Stored data entries
★ ★ ★ ★ ★

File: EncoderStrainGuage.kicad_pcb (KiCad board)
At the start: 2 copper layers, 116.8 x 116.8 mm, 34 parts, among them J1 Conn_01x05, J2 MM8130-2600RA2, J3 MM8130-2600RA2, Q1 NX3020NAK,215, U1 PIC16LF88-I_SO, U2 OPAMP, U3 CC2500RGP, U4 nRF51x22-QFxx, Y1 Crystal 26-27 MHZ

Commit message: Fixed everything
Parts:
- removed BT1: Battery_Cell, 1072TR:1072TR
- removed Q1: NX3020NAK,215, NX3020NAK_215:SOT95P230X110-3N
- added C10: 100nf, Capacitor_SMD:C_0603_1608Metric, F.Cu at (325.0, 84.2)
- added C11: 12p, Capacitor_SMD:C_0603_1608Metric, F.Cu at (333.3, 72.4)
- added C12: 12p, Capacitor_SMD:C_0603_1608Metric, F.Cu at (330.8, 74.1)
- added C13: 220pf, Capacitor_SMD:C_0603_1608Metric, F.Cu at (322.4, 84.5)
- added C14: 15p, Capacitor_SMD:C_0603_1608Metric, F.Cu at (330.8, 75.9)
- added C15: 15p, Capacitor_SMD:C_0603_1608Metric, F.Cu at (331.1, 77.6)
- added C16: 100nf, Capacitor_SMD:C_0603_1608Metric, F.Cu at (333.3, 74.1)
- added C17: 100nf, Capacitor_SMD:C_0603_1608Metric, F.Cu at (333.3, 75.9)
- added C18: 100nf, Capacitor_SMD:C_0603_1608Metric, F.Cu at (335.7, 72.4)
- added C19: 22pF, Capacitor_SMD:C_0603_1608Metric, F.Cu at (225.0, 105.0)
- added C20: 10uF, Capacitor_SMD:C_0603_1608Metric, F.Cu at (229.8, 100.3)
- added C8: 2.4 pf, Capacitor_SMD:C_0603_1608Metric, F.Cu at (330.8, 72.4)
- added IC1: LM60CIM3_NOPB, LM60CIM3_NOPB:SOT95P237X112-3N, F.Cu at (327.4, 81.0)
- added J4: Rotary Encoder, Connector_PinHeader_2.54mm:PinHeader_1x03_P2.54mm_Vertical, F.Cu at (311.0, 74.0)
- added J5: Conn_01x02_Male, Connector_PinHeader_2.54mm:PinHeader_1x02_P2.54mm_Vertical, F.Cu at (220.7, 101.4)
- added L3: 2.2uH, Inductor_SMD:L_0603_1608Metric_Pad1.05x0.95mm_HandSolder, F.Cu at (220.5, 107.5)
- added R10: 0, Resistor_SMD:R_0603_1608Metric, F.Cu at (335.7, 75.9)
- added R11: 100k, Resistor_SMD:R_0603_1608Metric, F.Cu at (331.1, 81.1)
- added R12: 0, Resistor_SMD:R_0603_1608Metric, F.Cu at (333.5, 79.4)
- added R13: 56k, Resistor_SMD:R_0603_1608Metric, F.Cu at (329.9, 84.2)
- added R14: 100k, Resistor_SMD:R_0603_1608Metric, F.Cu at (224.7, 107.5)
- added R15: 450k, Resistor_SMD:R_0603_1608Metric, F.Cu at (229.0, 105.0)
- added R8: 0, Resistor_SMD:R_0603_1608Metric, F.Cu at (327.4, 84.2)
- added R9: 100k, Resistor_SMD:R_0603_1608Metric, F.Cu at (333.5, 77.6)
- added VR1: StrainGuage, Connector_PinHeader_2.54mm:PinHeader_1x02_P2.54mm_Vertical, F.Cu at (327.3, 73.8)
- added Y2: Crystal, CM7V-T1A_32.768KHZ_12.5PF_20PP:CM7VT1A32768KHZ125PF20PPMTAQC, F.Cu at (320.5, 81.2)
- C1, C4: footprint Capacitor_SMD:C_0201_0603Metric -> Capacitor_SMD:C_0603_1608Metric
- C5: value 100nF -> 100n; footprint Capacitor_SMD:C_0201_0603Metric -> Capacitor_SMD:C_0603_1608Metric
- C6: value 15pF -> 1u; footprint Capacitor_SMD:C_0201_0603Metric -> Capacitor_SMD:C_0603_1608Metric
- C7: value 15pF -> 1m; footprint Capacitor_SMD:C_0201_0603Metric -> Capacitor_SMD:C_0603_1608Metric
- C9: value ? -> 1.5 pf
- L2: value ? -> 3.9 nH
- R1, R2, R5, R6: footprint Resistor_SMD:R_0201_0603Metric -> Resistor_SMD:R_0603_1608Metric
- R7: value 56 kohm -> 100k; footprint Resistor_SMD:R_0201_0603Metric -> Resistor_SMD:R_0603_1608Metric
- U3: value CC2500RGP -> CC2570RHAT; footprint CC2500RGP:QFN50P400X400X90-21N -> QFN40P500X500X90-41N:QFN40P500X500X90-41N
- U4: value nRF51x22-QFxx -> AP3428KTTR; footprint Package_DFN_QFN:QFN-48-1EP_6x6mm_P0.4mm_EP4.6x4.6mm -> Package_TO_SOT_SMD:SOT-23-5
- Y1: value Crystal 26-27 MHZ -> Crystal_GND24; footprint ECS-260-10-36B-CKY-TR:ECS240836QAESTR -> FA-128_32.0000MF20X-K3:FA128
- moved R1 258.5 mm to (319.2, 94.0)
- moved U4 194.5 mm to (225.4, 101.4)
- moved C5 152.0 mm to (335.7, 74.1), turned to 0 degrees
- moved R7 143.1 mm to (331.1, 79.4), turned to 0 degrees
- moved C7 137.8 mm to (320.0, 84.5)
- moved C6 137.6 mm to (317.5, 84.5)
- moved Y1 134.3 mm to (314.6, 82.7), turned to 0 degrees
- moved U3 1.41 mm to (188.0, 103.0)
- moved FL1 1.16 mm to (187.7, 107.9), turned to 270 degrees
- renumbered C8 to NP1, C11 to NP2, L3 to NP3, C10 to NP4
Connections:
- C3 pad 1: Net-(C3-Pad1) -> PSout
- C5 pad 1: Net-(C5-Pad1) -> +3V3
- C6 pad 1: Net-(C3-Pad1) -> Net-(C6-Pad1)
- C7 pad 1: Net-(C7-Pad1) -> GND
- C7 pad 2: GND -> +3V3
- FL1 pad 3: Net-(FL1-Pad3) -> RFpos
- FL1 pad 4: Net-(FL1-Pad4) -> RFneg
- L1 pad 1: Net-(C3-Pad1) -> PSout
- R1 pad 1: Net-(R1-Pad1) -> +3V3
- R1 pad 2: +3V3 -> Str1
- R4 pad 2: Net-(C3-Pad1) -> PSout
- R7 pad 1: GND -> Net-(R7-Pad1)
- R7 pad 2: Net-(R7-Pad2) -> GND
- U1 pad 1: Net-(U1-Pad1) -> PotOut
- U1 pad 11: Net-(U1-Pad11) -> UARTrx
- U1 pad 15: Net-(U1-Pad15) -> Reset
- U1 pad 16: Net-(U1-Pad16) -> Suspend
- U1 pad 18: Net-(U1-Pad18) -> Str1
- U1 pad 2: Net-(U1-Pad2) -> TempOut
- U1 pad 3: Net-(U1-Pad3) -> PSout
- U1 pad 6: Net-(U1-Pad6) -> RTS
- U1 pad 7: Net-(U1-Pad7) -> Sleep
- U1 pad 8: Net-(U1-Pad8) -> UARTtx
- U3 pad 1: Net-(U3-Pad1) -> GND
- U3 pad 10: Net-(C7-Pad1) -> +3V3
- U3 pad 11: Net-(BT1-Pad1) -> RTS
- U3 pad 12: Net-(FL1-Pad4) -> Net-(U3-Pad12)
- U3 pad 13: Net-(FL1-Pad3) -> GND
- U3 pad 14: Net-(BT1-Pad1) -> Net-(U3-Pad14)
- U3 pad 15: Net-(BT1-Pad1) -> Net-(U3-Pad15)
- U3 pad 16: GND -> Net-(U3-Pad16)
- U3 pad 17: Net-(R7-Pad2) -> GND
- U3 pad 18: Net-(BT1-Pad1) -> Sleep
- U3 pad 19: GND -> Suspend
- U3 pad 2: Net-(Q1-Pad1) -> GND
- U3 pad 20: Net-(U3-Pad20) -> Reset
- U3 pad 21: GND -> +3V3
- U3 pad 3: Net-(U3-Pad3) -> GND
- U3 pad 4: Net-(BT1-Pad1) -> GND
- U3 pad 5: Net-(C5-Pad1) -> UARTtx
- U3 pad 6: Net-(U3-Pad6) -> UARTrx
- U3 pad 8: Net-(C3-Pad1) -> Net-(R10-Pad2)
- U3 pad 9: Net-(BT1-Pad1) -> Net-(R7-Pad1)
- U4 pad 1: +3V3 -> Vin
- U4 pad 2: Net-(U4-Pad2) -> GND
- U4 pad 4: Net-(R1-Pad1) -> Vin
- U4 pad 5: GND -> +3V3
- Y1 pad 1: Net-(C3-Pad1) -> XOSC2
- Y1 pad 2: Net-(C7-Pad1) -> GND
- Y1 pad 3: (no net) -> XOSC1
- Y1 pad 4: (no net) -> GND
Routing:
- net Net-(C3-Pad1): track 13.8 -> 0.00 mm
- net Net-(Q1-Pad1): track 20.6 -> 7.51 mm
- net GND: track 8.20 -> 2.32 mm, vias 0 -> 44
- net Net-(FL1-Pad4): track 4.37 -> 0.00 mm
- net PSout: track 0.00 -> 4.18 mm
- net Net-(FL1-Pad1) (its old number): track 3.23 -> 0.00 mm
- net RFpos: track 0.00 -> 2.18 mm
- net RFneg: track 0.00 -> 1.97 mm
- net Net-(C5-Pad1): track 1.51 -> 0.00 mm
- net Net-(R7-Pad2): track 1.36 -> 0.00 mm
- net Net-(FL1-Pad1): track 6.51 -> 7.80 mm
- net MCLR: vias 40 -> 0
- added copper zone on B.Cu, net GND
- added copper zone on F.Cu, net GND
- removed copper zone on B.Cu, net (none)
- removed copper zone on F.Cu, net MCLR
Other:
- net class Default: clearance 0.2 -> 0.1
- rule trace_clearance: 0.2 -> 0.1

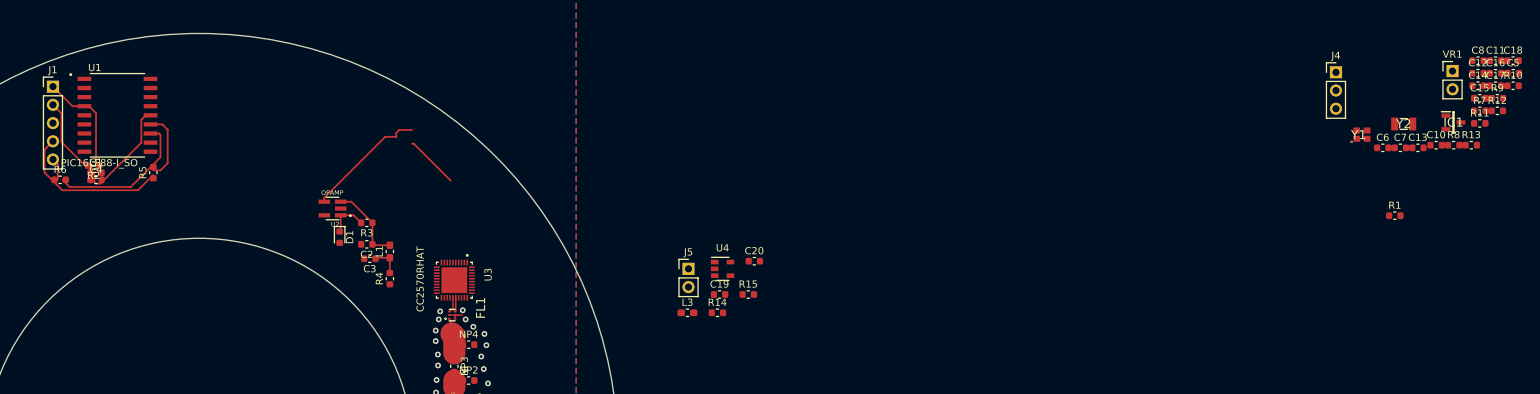
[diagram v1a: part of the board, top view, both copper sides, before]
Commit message: first route on the board
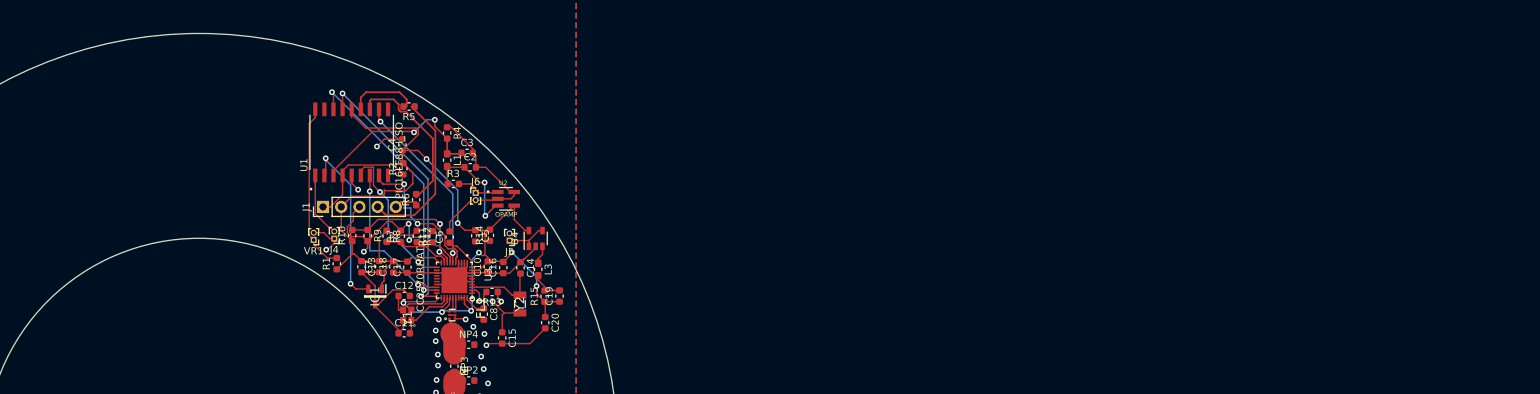
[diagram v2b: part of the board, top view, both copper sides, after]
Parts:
- removed C1: 100n, Capacitor_SMD:C_0603_1608Metric
- removed D1: D_Photo, Diode_SMD:D_0603_1608Metric
- added J6: Conn_01x02_Male, Connector_PinHeader_1.00mm:PinHeader_1x02_P1.00mm_Vertical, F.Cu at (191.0, 90.8)
- J4: footprint Connector_PinHeader_2.54mm:PinHeader_1x03_P2.54mm_Vertical -> Connector_PinHeader_1.00mm:PinHeader_1x02_P1.00mm_Vertical
- J5, VR1: footprint Connector_PinHeader_2.54mm:PinHeader_1x02_P2.54mm_Vertical -> Connector_PinHeader_1.00mm:PinHeader_1x02_P1.00mm_Vertical
- moved R10 163.3 mm to (173.8, 96.8), turned to 90 degrees
- moved VR1 160.6 mm to (168.4, 97.4), turned to 180 degrees
- moved C18 158.8 mm to (179.5, 101.2), turned to 90 degrees
- moved R9 158.8 mm to (175.9, 96.8), turned to 270 degrees
- moved C11 156.9 mm to (181.0, 110.4)
- moved C17 153.9 mm to (181.4, 101.2), turned to 90 degrees
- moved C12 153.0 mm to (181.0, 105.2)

★ ★ ★ ★ ★

Which lines above carry the string "Sleep"? Copy those lines.

- U1 pad 7: Net-(U1-Pad7) -> Sleep
- U3 pad 18: Net-(BT1-Pad1) -> Sleep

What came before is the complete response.